Go through the data line by line and count the lines that hold "CIRCLE". Reply with the total only.

=== Section Start ===

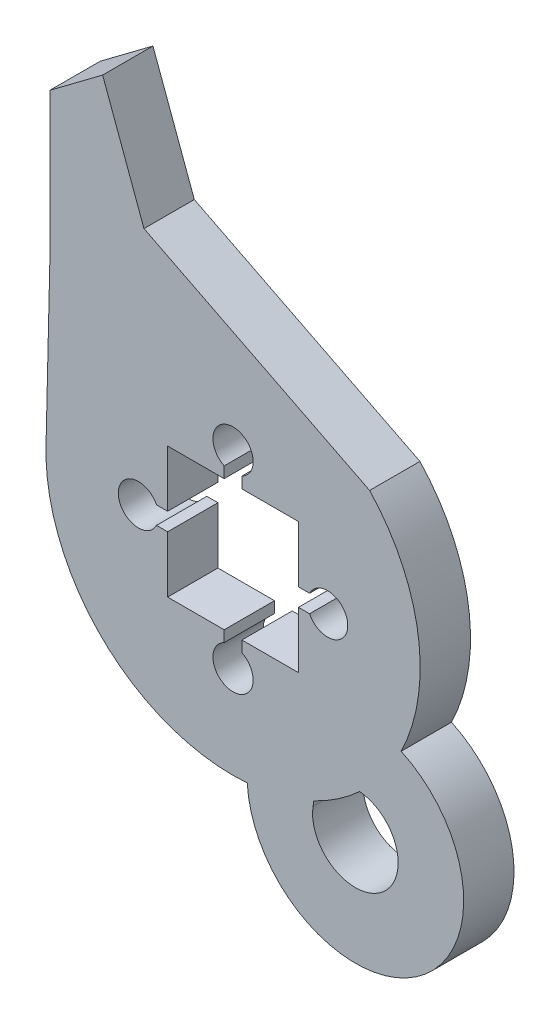
ISO-10303-21;
HEADER;
FILE_DESCRIPTION(('STEP AP214'),'2;1');
FILE_NAME('part.step','',(''),(''),'','','');
FILE_SCHEMA(('AUTOMOTIVE_DESIGN { 1 0 10303 214 1 1 1 1 }'));
ENDSEC;
DATA;
#1=APPLICATION_CONTEXT('core data for automotive mechanical design processes');
#2=APPLICATION_PROTOCOL_DEFINITION('international standard','automotive_design',2000,#1);
#3=PRODUCT_CONTEXT('',#1,'mechanical');
#4=PRODUCT('Part','Part','',(#3));
#5=PRODUCT_RELATED_PRODUCT_CATEGORY('part','',(#4));
#6=PRODUCT_DEFINITION_FORMATION('','',#4);
#7=PRODUCT_DEFINITION_CONTEXT('part definition',#1,'design');
#8=PRODUCT_DEFINITION('design','',#6,#7);
#9=PRODUCT_DEFINITION_SHAPE('','',#8);
#10=(LENGTH_UNIT() NAMED_UNIT(*) SI_UNIT(.MILLI.,.METRE.));
#11=(NAMED_UNIT(*) PLANE_ANGLE_UNIT() SI_UNIT($,.RADIAN.));
#12=(NAMED_UNIT(*) SI_UNIT($,.STERADIAN.) SOLID_ANGLE_UNIT());
#13=UNCERTAINTY_MEASURE_WITH_UNIT(LENGTH_MEASURE(1.E-05),#10,'distance_accuracy_value','');
#14=(GEOMETRIC_REPRESENTATION_CONTEXT(3) GLOBAL_UNCERTAINTY_ASSIGNED_CONTEXT((#13)) GLOBAL_UNIT_ASSIGNED_CONTEXT((#10,
#11,#12)) REPRESENTATION_CONTEXT('',''));
#15=CARTESIAN_POINT('',(0.,0.,0.));
#16=DIRECTION('',(0.,0.,1.));
#17=DIRECTION('',(1.,0.,0.));
#18=AXIS2_PLACEMENT_3D('',#15,#16,#17);
#19=CARTESIAN_POINT('',(0.,0.,6.35));
#20=DIRECTION('',(0.,0.,-1.));
#21=DIRECTION('',(-1.,0.,0.));
#22=AXIS2_PLACEMENT_3D('',#19,#20,#21);
#23=CYLINDRICAL_SURFACE('',#22,23.6135427551145);
#24=DIRECTION('',(0.,0.,-1.));
#25=VECTOR('',#24,1.);
#26=CARTESIAN_POINT('',(15.9784402053328,-17.3864559370858,3.175));
#27=LINE('',#26,#25);
#28=CARTESIAN_POINT('',(15.9784402053328,-17.3864559370858,6.35));
#29=VERTEX_POINT('',#28);
#30=CARTESIAN_POINT('',(15.9784402053328,-17.3864559370858,0.));
#31=VERTEX_POINT('',#30);
#32=EDGE_CURVE('E65',#29,#31,#27,.T.);
#33=ORIENTED_EDGE('',*,*,#32,.F.);
#34=CARTESIAN_POINT('',(0.,0.,6.35));
#35=DIRECTION('',(0.,0.,1.));
#36=DIRECTION('',(1.,0.,0.));
#37=AXIS2_PLACEMENT_3D('',#34,#35,#36);
#38=CIRCLE('',#37,23.6135427551145);
#39=CARTESIAN_POINT('',(10.1574341685378,-21.317268412239,6.35));
#40=VERTEX_POINT('',#39);
#41=EDGE_CURVE('E251',#40,#29,#38,.T.);
#42=ORIENTED_EDGE('',*,*,#41,.F.);
#43=DIRECTION('',(0.,0.,-1.));
#44=VECTOR('',#43,1.);
#45=CARTESIAN_POINT('',(10.1574341685378,-21.317268412239,3.175));
#46=LINE('',#45,#44);
#47=CARTESIAN_POINT('',(10.1574341685378,-21.317268412239,0.));
#48=VERTEX_POINT('',#47);
#49=EDGE_CURVE('E262',#40,#48,#46,.T.);
#50=ORIENTED_EDGE('',*,*,#49,.T.);
#51=CARTESIAN_POINT('',(0.,0.,0.));
#52=DIRECTION('',(0.,0.,1.));
#53=DIRECTION('',(1.,0.,0.));
#54=AXIS2_PLACEMENT_3D('',#51,#52,#53);
#55=CIRCLE('',#54,23.6135427551145);
#56=EDGE_CURVE('E411',#48,#31,#55,.T.);
#57=ORIENTED_EDGE('',*,*,#56,.T.);
#58=EDGE_LOOP('',(#33,#42,#50,#57));
#59=FACE_BOUND('',#58,.T.);
#60=ADVANCED_FACE('F40',(#59),#23,.T.);
#61=CARTESIAN_POINT('',(-23.5873627776474,1.11162882441667,0.));
#62=VERTEX_POINT('',#61);
#63=CARTESIAN_POINT('',(1.78936869988122,-23.5456484536635,0.));
#64=VERTEX_POINT('',#63);
#65=EDGE_CURVE('E408',#62,#64,#55,.T.);
#66=ORIENTED_EDGE('',*,*,#65,.T.);
#67=DIRECTION('',(0.,0.,-1.));
#68=VECTOR('',#67,1.);
#69=CARTESIAN_POINT('',(1.78936869988122,-23.5456484536635,3.175));
#70=LINE('',#69,#68);
#71=CARTESIAN_POINT('',(1.78936869988122,-23.5456484536635,6.35));
#72=VERTEX_POINT('',#71);
#73=EDGE_CURVE('E271',#64,#72,#70,.F.);
#74=ORIENTED_EDGE('',*,*,#73,.T.);
#75=CARTESIAN_POINT('',(-23.5873627776474,1.11162882441667,6.35));
#76=VERTEX_POINT('',#75);
#77=EDGE_CURVE('E336',#76,#72,#38,.T.);
#78=ORIENTED_EDGE('',*,*,#77,.F.);
#79=DIRECTION('',(0.,0.,-1.));
#80=VECTOR('',#79,1.);
#81=CARTESIAN_POINT('',(-23.5873627776474,1.11162882441667,6.35));
#82=LINE('',#81,#80);
#83=EDGE_CURVE('E11',#76,#62,#82,.T.);
#84=ORIENTED_EDGE('',*,*,#83,.T.);
#85=EDGE_LOOP('',(#66,#74,#78,#84));
#86=FACE_BOUND('',#85,.T.);
#87=ADVANCED_FACE('F568',(#86),#23,.T.);
#88=CARTESIAN_POINT('',(-23.600452766381,0.555814412208336,6.35));
#89=DIRECTION('',(0.9997227903611,-0.0235444777520275,0.));
#90=DIRECTION('',(0.0235444777520275,0.9997227903611,0.));
#91=AXIS2_PLACEMENT_3D('',#88,#89,#90);
#92=PLANE('',#91);
#93=DIRECTION('',(-0.0235444777520275,-0.9997227903611,0.));
#94=VECTOR('',#93,1.);
#95=CARTESIAN_POINT('',(-23.600452766381,0.555814412208336,0.));
#96=LINE('',#95,#94);
#97=CARTESIAN_POINT('',(-23.0807397820959,22.6233633427269,0.));
#98=VERTEX_POINT('',#97);
#99=EDGE_CURVE('E404',#98,#62,#96,.T.);
#100=ORIENTED_EDGE('',*,*,#99,.T.);
#101=ORIENTED_EDGE('',*,*,#83,.F.);
#102=DIRECTION('',(-0.0235444777520275,-0.9997227903611,0.));
#103=VECTOR('',#102,1.);
#104=CARTESIAN_POINT('',(-23.600452766381,0.555814412208336,6.35));
#105=LINE('',#104,#103);
#106=CARTESIAN_POINT('',(-23.0807397820959,22.6233633427269,6.35));
#107=VERTEX_POINT('',#106);
#108=EDGE_CURVE('E333',#107,#76,#105,.T.);
#109=ORIENTED_EDGE('',*,*,#108,.F.);
#110=DIRECTION('',(0.,0.,-1.));
#111=VECTOR('',#110,1.);
#112=CARTESIAN_POINT('',(-23.0807397820959,22.6233633427269,6.35));
#113=LINE('',#112,#111);
#114=EDGE_CURVE('E418',#107,#98,#113,.T.);
#115=ORIENTED_EDGE('',*,*,#114,.T.);
#116=EDGE_LOOP('',(#100,#101,#109,#115));
#117=FACE_BOUND('',#116,.T.);
#118=ADVANCED_FACE('F574',(#117),#92,.F.);
#119=CARTESIAN_POINT('',(21.2141693512526,-10.371037565451,6.35));
#120=VERTEX_POINT('',#119);
#121=CARTESIAN_POINT('',(17.2333916296905,16.1434077686631,6.35));
#122=VERTEX_POINT('',#121);
#123=EDGE_CURVE('E57',#120,#122,#38,.T.);
#124=ORIENTED_EDGE('',*,*,#123,.F.);
#125=DIRECTION('',(0.,0.,-1.));
#126=VECTOR('',#125,1.);
#127=CARTESIAN_POINT('',(21.2141693512526,-10.371037565451,3.175));
#128=LINE('',#127,#126);
#129=CARTESIAN_POINT('',(21.2141693512526,-10.371037565451,0.));
#130=VERTEX_POINT('',#129);
#131=EDGE_CURVE('E269',#120,#130,#128,.T.);
#132=ORIENTED_EDGE('',*,*,#131,.T.);
#133=CARTESIAN_POINT('',(17.2333916296905,16.1434077686631,0.));
#134=VERTEX_POINT('',#133);
#135=EDGE_CURVE('E407',#130,#134,#55,.T.);
#136=ORIENTED_EDGE('',*,*,#135,.T.);
#137=DIRECTION('',(0.,0.,-1.));
#138=VECTOR('',#137,1.);
#139=CARTESIAN_POINT('',(17.2333916296905,16.1434077686631,6.35));
#140=LINE('',#139,#138);
#141=EDGE_CURVE('E49',#122,#134,#140,.T.);
#142=ORIENTED_EDGE('',*,*,#141,.F.);
#143=EDGE_LOOP('',(#124,#132,#136,#142));
#144=FACE_BOUND('',#143,.T.);
#145=ADVANCED_FACE('F570',(#144),#23,.T.);
#146=CARTESIAN_POINT('',(9.99702081095458,19.7975110321155,6.35));
#147=DIRECTION('',(-0.450754622668635,-0.892647898189906,0.));
#148=DIRECTION('',(0.892647898189906,-0.450754622668635,0.));
#149=AXIS2_PLACEMENT_3D('',#146,#147,#148);
#150=PLANE('',#149);
#151=DIRECTION('',(-0.892647898189906,0.450754622668635,0.));
#152=VECTOR('',#151,1.);
#153=CARTESIAN_POINT('',(9.99702081095458,19.7975110321155,0.));
#154=LINE('',#153,#152);
#155=CARTESIAN_POINT('',(-11.2389809229268,30.5209171679016,0.));
#156=VERTEX_POINT('',#155);
#157=EDGE_CURVE('E410',#134,#156,#154,.T.);
#158=ORIENTED_EDGE('',*,*,#157,.T.);
#159=DIRECTION('',(0.,0.,-1.));
#160=VECTOR('',#159,1.);
#161=CARTESIAN_POINT('',(-11.2389809229268,30.5209171679016,6.35));
#162=LINE('',#161,#160);
#163=CARTESIAN_POINT('',(-11.2389809229268,30.5209171679016,6.35));
#164=VERTEX_POINT('',#163);
#165=EDGE_CURVE('E427',#164,#156,#162,.T.);
#166=ORIENTED_EDGE('',*,*,#165,.F.);
#167=DIRECTION('',(-0.892647898189906,0.450754622668635,0.));
#168=VECTOR('',#167,1.);
#169=CARTESIAN_POINT('',(9.99702081095458,19.7975110321155,6.35));
#170=LINE('',#169,#168);
#171=EDGE_CURVE('E339',#122,#164,#170,.T.);
#172=ORIENTED_EDGE('',*,*,#171,.F.);
#173=ORIENTED_EDGE('',*,*,#141,.T.);
#174=EDGE_LOOP('',(#158,#166,#172,#173));
#175=FACE_BOUND('',#174,.T.);
#176=ADVANCED_FACE('F579',(#175),#150,.F.);
#177=CARTESIAN_POINT('',(0.,0.,6.35));
#178=DIRECTION('',(-0.938398633522792,-0.345554633310792,0.));
#179=DIRECTION('',(0.345554633310792,-0.938398633522793,0.));
#180=AXIS2_PLACEMENT_3D('',#177,#178,#179);
#181=PLANE('',#180);
#182=DIRECTION('',(-0.345554633310792,0.938398633522793,0.));
#183=VECTOR('',#182,1.);
#184=CARTESIAN_POINT('',(0.,0.,0.));
#185=LINE('',#184,#183);
#186=CARTESIAN_POINT('',(-16.4570394114265,44.691234921523,0.));
#187=VERTEX_POINT('',#186);
#188=EDGE_CURVE('E413',#156,#187,#185,.T.);
#189=ORIENTED_EDGE('',*,*,#188,.T.);
#190=DIRECTION('',(0.,0.,-1.));
#191=VECTOR('',#190,1.);
#192=CARTESIAN_POINT('',(-16.4570394114265,44.691234921523,6.35));
#193=LINE('',#192,#191);
#194=CARTESIAN_POINT('',(-16.4570394114265,44.691234921523,6.35));
#195=VERTEX_POINT('',#194);
#196=EDGE_CURVE('E424',#195,#187,#193,.T.);
#197=ORIENTED_EDGE('',*,*,#196,.F.);
#198=DIRECTION('',(-0.345554633310792,0.938398633522793,0.));
#199=VECTOR('',#198,1.);
#200=CARTESIAN_POINT('',(0.,0.,6.35));
#201=LINE('',#200,#199);
#202=EDGE_CURVE('E341',#164,#195,#201,.T.);
#203=ORIENTED_EDGE('',*,*,#202,.F.);
#204=ORIENTED_EDGE('',*,*,#165,.T.);
#205=EDGE_LOOP('',(#189,#197,#203,#204));
#206=FACE_BOUND('',#205,.T.);
#207=ADVANCED_FACE('F584',(#206),#181,.F.);
#208=CARTESIAN_POINT('',(-27.3756816624643,36.5026420511175,6.35));
#209=DIRECTION('',(0.599981766977011,-0.800013674442596,0.));
#210=DIRECTION('',(0.800013674442596,0.599981766977011,0.));
#211=AXIS2_PLACEMENT_3D('',#208,#209,#210);
#212=PLANE('',#211);
#213=DIRECTION('',(-0.800013674442596,-0.599981766977011,0.));
#214=VECTOR('',#213,1.);
#215=CARTESIAN_POINT('',(-27.3756816624643,36.5026420511175,0.));
#216=LINE('',#215,#214);
#217=CARTESIAN_POINT('',(-23.1206338335875,39.6937763985647,0.));
#218=VERTEX_POINT('',#217);
#219=EDGE_CURVE('E415',#187,#218,#216,.T.);
#220=ORIENTED_EDGE('',*,*,#219,.T.);
#221=DIRECTION('',(0.,0.,-1.));
#222=VECTOR('',#221,1.);
#223=CARTESIAN_POINT('',(-23.1206338335875,39.6937763985647,6.35));
#224=LINE('',#223,#222);
#225=CARTESIAN_POINT('',(-23.1206338335875,39.6937763985647,6.35));
#226=VERTEX_POINT('',#225);
#227=EDGE_CURVE('E421',#226,#218,#224,.T.);
#228=ORIENTED_EDGE('',*,*,#227,.F.);
#229=DIRECTION('',(-0.800013674442596,-0.599981766977011,0.));
#230=VECTOR('',#229,1.);
#231=CARTESIAN_POINT('',(-27.3756816624643,36.5026420511175,6.35));
#232=LINE('',#231,#230);
#233=EDGE_CURVE('E343',#195,#226,#232,.T.);
#234=ORIENTED_EDGE('',*,*,#233,.F.);
#235=ORIENTED_EDGE('',*,*,#196,.T.);
#236=EDGE_LOOP('',(#220,#228,#234,#235));
#237=FACE_BOUND('',#236,.T.);
#238=ADVANCED_FACE('F609',(#237),#212,.F.);
#239=CARTESIAN_POINT('',(0.,11.938,6.35));
#240=DIRECTION('',(0.,0.,-1.));
#241=DIRECTION('',(-1.,0.,0.));
#242=AXIS2_PLACEMENT_3D('',#239,#240,#241);
#243=CYLINDRICAL_SURFACE('',#242,2.54);
#244=CARTESIAN_POINT('',(0.,11.938,0.));
#245=DIRECTION('',(0.,0.,1.));
#246=DIRECTION('',(1.,0.,0.));
#247=AXIS2_PLACEMENT_3D('',#244,#245,#246);
#248=CIRCLE('',#247,2.54);
#249=CARTESIAN_POINT('',(1.1176,9.65708565702261,0.));
#250=VERTEX_POINT('',#249);
#251=CARTESIAN_POINT('',(-1.1176,9.65708565702261,0.));
#252=VERTEX_POINT('',#251);
#253=EDGE_CURVE('E279',#250,#252,#248,.T.);
#254=ORIENTED_EDGE('',*,*,#253,.F.);
#255=DIRECTION('',(0.,0.,-1.));
#256=VECTOR('',#255,1.);
#257=CARTESIAN_POINT('',(1.1176,9.65708565702261,6.35));
#258=LINE('',#257,#256);
#259=CARTESIAN_POINT('',(1.1176,9.65708565702261,6.35));
#260=VERTEX_POINT('',#259);
#261=EDGE_CURVE('E44',#260,#250,#258,.T.);
#262=ORIENTED_EDGE('',*,*,#261,.F.);
#263=CARTESIAN_POINT('',(0.,11.938,6.35));
#264=DIRECTION('',(0.,0.,1.));
#265=DIRECTION('',(1.,0.,0.));
#266=AXIS2_PLACEMENT_3D('',#263,#264,#265);
#267=CIRCLE('',#266,2.54);
#268=CARTESIAN_POINT('',(-1.1176,9.65708565702261,6.35));
#269=VERTEX_POINT('',#268);
#270=EDGE_CURVE('E280',#260,#269,#267,.T.);
#271=ORIENTED_EDGE('',*,*,#270,.T.);
#272=DIRECTION('',(0.,0.,-1.));
#273=VECTOR('',#272,1.);
#274=CARTESIAN_POINT('',(-1.1176,9.65708565702261,6.35));
#275=LINE('',#274,#273);
#276=EDGE_CURVE('E347',#269,#252,#275,.T.);
#277=ORIENTED_EDGE('',*,*,#276,.T.);
#278=EDGE_LOOP('',(#254,#262,#271,#277));
#279=FACE_BOUND('',#278,.T.);
#280=ADVANCED_FACE('F42',(#279),#243,.F.);
#281=CARTESIAN_POINT('',(1.1176,0.,6.35));
#282=DIRECTION('',(1.,0.,0.));
#283=DIRECTION('',(0.,1.,0.));
#284=AXIS2_PLACEMENT_3D('',#281,#282,#283);
#285=PLANE('',#284);
#286=DIRECTION('',(0.,-1.,0.));
#287=VECTOR('',#286,1.);
#288=CARTESIAN_POINT('',(1.1176,0.,0.));
#289=LINE('',#288,#287);
#290=CARTESIAN_POINT('',(1.1176,8.255,0.));
#291=VERTEX_POINT('',#290);
#292=EDGE_CURVE('E350',#250,#291,#289,.T.);
#293=ORIENTED_EDGE('',*,*,#292,.T.);
#294=DIRECTION('',(0.,0.,-1.));
#295=VECTOR('',#294,1.);
#296=CARTESIAN_POINT('',(1.1176,8.255,6.35));
#297=LINE('',#296,#295);
#298=CARTESIAN_POINT('',(1.1176,8.255,6.35));
#299=VERTEX_POINT('',#298);
#300=EDGE_CURVE('E468',#299,#291,#297,.T.);
#301=ORIENTED_EDGE('',*,*,#300,.F.);
#302=DIRECTION('',(0.,-1.,0.));
#303=VECTOR('',#302,1.);
#304=CARTESIAN_POINT('',(1.1176,0.,6.35));
#305=LINE('',#304,#303);
#306=EDGE_CURVE('E283',#260,#299,#305,.T.);
#307=ORIENTED_EDGE('',*,*,#306,.F.);
#308=ORIENTED_EDGE('',*,*,#261,.T.);
#309=EDGE_LOOP('',(#293,#301,#307,#308));
#310=FACE_BOUND('',#309,.T.);
#311=ADVANCED_FACE('F477',(#310),#285,.F.);
#312=CARTESIAN_POINT('',(0.,8.255,6.35));
#313=DIRECTION('',(0.,1.,0.));
#314=DIRECTION('',(0.,0.,1.));
#315=AXIS2_PLACEMENT_3D('',#312,#313,#314);
#316=PLANE('',#315);
#317=DIRECTION('',(1.,0.,0.));
#318=VECTOR('',#317,1.);
#319=CARTESIAN_POINT('',(0.,8.255,0.));
#320=LINE('',#319,#318);
#321=CARTESIAN_POINT('',(8.255,8.255,0.));
#322=VERTEX_POINT('',#321);
#323=EDGE_CURVE('E352',#291,#322,#320,.T.);
#324=ORIENTED_EDGE('',*,*,#323,.T.);
#325=DIRECTION('',(0.,0.,-1.));
#326=VECTOR('',#325,1.);
#327=CARTESIAN_POINT('',(8.255,8.255,6.35));
#328=LINE('',#327,#326);
#329=CARTESIAN_POINT('',(8.255,8.255,6.35));
#330=VERTEX_POINT('',#329);
#331=EDGE_CURVE('E466',#330,#322,#328,.T.);
#332=ORIENTED_EDGE('',*,*,#331,.F.);
#333=DIRECTION('',(1.,0.,0.));
#334=VECTOR('',#333,1.);
#335=CARTESIAN_POINT('',(0.,8.255,6.35));
#336=LINE('',#335,#334);
#337=EDGE_CURVE('E286',#299,#330,#336,.T.);
#338=ORIENTED_EDGE('',*,*,#337,.F.);
#339=ORIENTED_EDGE('',*,*,#300,.T.);
#340=EDGE_LOOP('',(#324,#332,#338,#339));
#341=FACE_BOUND('',#340,.T.);
#342=ADVANCED_FACE('F556',(#341),#316,.F.);
#343=CARTESIAN_POINT('',(8.255,0.,6.35));
#344=DIRECTION('',(1.,0.,0.));
#345=DIRECTION('',(0.,0.,-1.));
#346=AXIS2_PLACEMENT_3D('',#343,#344,#345);
#347=PLANE('',#346);
#348=DIRECTION('',(0.,-1.,0.));
#349=VECTOR('',#348,1.);
#350=CARTESIAN_POINT('',(8.255,0.,0.));
#351=LINE('',#350,#349);
#352=CARTESIAN_POINT('',(8.255,1.1176,0.));
#353=VERTEX_POINT('',#352);
#354=EDGE_CURVE('E354',#322,#353,#351,.T.);
#355=ORIENTED_EDGE('',*,*,#354,.T.);
#356=DIRECTION('',(0.,0.,-1.));
#357=VECTOR('',#356,1.);
#358=CARTESIAN_POINT('',(8.255,1.1176,6.35));
#359=LINE('',#358,#357);
#360=CARTESIAN_POINT('',(8.255,1.1176,6.35));
#361=VERTEX_POINT('',#360);
#362=EDGE_CURVE('E463',#361,#353,#359,.T.);
#363=ORIENTED_EDGE('',*,*,#362,.F.);
#364=DIRECTION('',(0.,-1.,0.));
#365=VECTOR('',#364,1.);
#366=CARTESIAN_POINT('',(8.255,0.,6.35));
#367=LINE('',#366,#365);
#368=EDGE_CURVE('E288',#330,#361,#367,.T.);
#369=ORIENTED_EDGE('',*,*,#368,.F.);
#370=ORIENTED_EDGE('',*,*,#331,.T.);
#371=EDGE_LOOP('',(#355,#363,#369,#370));
#372=FACE_BOUND('',#371,.T.);
#373=ADVANCED_FACE('F554',(#372),#347,.F.);
#374=CARTESIAN_POINT('',(0.,1.1176,6.35));
#375=DIRECTION('',(0.,1.,0.));
#376=DIRECTION('',(0.,0.,1.));
#377=AXIS2_PLACEMENT_3D('',#374,#375,#376);
#378=PLANE('',#377);
#379=DIRECTION('',(1.,0.,0.));
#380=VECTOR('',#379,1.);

=== Section End ===

**Output for this exercise:** 4